Collected data entries:
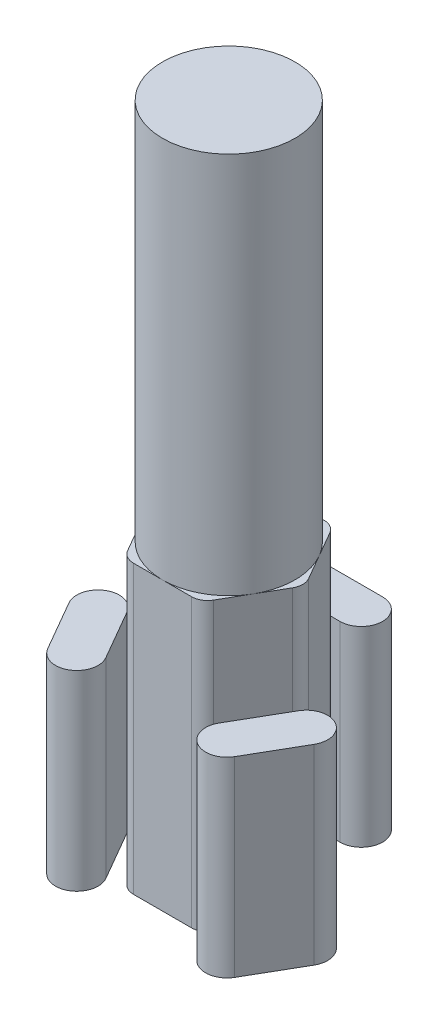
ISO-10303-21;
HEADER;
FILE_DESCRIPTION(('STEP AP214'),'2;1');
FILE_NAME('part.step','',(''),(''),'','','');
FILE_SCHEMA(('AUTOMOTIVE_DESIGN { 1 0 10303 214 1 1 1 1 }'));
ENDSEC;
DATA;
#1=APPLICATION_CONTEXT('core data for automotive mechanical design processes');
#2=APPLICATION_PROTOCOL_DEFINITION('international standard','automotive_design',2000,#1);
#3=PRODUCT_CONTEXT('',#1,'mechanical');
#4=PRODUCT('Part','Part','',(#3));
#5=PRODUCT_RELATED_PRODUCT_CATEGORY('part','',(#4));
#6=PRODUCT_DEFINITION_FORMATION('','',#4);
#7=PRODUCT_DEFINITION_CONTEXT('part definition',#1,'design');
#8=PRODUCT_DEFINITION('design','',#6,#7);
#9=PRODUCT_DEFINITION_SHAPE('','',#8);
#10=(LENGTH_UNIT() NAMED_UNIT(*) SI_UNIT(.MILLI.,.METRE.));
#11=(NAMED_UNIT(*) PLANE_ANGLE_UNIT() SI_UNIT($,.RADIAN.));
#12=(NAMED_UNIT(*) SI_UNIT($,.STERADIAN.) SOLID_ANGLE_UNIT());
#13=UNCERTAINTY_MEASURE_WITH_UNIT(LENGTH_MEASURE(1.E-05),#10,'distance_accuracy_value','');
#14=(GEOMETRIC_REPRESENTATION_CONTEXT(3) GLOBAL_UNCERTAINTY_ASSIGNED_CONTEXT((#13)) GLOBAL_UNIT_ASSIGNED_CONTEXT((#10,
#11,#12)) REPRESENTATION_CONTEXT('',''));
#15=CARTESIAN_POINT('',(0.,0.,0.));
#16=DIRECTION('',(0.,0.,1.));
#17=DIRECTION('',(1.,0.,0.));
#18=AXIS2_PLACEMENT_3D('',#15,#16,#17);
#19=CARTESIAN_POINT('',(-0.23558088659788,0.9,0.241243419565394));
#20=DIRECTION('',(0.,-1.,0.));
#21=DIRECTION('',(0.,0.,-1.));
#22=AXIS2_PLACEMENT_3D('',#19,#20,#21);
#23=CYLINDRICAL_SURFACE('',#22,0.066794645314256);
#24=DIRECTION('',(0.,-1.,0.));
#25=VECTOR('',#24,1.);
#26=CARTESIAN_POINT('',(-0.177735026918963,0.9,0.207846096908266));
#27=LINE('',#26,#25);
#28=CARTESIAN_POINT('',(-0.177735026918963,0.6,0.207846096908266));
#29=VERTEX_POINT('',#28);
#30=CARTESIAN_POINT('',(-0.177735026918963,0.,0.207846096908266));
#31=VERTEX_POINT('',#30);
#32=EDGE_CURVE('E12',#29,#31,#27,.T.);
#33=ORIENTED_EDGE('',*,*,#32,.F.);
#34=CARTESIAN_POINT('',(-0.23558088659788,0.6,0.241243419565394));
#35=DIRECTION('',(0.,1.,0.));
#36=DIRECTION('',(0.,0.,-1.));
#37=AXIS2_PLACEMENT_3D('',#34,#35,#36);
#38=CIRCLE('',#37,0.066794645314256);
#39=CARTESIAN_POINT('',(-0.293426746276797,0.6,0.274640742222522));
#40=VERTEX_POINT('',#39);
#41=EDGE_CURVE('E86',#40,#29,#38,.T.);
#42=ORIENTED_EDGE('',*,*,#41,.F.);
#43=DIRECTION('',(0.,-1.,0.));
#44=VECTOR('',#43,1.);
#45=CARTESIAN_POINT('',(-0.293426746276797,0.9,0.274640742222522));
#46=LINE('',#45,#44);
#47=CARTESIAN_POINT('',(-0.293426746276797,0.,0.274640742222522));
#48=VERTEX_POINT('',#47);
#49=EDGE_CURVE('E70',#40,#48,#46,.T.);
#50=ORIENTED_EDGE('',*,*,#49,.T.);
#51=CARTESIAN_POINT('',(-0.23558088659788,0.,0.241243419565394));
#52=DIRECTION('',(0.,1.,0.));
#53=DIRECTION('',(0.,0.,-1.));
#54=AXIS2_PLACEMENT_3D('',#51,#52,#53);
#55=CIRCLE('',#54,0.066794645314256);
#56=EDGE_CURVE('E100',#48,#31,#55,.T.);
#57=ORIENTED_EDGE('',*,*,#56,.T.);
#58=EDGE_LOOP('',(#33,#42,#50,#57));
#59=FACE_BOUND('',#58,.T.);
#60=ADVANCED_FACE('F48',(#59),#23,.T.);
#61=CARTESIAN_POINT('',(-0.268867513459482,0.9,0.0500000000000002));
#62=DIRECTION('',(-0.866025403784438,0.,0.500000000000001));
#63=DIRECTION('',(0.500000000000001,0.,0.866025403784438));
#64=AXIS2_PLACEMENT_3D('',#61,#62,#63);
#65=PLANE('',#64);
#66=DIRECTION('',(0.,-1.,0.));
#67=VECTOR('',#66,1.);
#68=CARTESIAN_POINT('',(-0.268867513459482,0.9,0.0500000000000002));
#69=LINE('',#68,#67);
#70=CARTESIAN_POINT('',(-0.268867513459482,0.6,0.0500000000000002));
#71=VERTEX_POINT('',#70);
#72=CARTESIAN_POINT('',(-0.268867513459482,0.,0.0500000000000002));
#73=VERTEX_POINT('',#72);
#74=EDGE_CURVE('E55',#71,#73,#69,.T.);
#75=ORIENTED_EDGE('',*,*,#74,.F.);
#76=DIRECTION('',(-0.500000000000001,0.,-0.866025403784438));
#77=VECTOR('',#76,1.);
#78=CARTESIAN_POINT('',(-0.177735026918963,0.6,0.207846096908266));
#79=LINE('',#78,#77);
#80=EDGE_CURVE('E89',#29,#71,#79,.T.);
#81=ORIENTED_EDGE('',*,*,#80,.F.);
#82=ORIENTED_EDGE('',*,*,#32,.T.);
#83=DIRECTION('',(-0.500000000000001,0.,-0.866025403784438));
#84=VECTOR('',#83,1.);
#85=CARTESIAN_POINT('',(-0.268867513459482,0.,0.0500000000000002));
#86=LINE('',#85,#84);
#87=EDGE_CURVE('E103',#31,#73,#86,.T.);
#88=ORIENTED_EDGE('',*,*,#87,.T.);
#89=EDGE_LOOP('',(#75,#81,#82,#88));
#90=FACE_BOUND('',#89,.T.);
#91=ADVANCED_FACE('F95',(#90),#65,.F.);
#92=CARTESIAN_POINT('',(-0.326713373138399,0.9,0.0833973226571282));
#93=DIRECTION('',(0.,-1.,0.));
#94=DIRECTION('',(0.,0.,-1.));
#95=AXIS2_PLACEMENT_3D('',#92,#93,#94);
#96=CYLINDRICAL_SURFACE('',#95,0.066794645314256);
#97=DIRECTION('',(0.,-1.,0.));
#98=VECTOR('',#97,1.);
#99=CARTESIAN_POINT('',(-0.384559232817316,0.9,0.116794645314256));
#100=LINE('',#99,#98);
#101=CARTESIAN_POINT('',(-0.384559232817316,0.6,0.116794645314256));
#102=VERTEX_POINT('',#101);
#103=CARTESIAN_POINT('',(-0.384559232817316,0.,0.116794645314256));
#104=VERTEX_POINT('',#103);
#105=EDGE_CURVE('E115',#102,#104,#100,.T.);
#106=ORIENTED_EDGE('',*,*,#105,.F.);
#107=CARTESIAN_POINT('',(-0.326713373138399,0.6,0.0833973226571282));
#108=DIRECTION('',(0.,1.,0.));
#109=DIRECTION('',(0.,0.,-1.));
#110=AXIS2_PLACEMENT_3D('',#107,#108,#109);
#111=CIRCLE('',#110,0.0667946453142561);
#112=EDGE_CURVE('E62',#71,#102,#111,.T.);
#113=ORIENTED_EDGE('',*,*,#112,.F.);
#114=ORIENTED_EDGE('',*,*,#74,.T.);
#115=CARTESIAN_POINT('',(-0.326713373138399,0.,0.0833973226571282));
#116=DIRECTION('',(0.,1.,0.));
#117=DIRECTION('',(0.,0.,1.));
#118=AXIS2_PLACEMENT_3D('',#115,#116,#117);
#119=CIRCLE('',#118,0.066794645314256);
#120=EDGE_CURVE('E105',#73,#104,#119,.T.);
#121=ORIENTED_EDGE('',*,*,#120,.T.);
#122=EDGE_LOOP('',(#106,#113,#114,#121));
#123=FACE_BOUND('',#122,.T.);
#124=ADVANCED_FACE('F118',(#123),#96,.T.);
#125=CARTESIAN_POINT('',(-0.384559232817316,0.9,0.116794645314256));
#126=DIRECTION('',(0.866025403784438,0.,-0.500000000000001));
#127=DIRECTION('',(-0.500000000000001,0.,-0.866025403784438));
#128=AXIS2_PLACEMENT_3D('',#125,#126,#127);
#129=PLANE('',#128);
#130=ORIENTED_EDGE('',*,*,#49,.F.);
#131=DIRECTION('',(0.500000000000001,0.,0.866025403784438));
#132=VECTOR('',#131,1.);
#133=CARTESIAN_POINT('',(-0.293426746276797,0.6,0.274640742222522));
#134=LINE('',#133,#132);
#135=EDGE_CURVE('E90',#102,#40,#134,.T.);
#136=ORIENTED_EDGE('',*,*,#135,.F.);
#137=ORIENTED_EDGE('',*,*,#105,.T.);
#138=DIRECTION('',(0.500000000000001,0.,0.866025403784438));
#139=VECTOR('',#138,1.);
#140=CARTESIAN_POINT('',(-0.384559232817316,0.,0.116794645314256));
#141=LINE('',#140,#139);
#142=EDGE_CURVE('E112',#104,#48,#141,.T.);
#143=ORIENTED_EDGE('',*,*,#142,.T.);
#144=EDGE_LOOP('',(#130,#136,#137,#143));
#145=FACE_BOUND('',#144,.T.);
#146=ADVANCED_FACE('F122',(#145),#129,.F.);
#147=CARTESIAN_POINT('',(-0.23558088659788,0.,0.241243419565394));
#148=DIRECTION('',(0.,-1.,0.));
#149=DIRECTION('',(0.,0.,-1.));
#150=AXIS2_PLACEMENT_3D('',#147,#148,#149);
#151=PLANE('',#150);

#### The problem
The answer is the lines above between the line holding "#57=ORIENTED_EDGE('',*,*,#56,.T.);" and the line holding "#79=LINE('',#78,#77);", inclusive, each written out exactly, and no others.

#### Solution for this task
#57=ORIENTED_EDGE('',*,*,#56,.T.);
#58=EDGE_LOOP('',(#33,#42,#50,#57));
#59=FACE_BOUND('',#58,.T.);
#60=ADVANCED_FACE('F48',(#59),#23,.T.);
#61=CARTESIAN_POINT('',(-0.268867513459482,0.9,0.0500000000000002));
#62=DIRECTION('',(-0.866025403784438,0.,0.500000000000001));
#63=DIRECTION('',(0.500000000000001,0.,0.866025403784438));
#64=AXIS2_PLACEMENT_3D('',#61,#62,#63);
#65=PLANE('',#64);
#66=DIRECTION('',(0.,-1.,0.));
#67=VECTOR('',#66,1.);
#68=CARTESIAN_POINT('',(-0.268867513459482,0.9,0.0500000000000002));
#69=LINE('',#68,#67);
#70=CARTESIAN_POINT('',(-0.268867513459482,0.6,0.0500000000000002));
#71=VERTEX_POINT('',#70);
#72=CARTESIAN_POINT('',(-0.268867513459482,0.,0.0500000000000002));
#73=VERTEX_POINT('',#72);
#74=EDGE_CURVE('E55',#71,#73,#69,.T.);
#75=ORIENTED_EDGE('',*,*,#74,.F.);
#76=DIRECTION('',(-0.500000000000001,0.,-0.866025403784438));
#77=VECTOR('',#76,1.);
#78=CARTESIAN_POINT('',(-0.177735026918963,0.6,0.207846096908266));
#79=LINE('',#78,#77);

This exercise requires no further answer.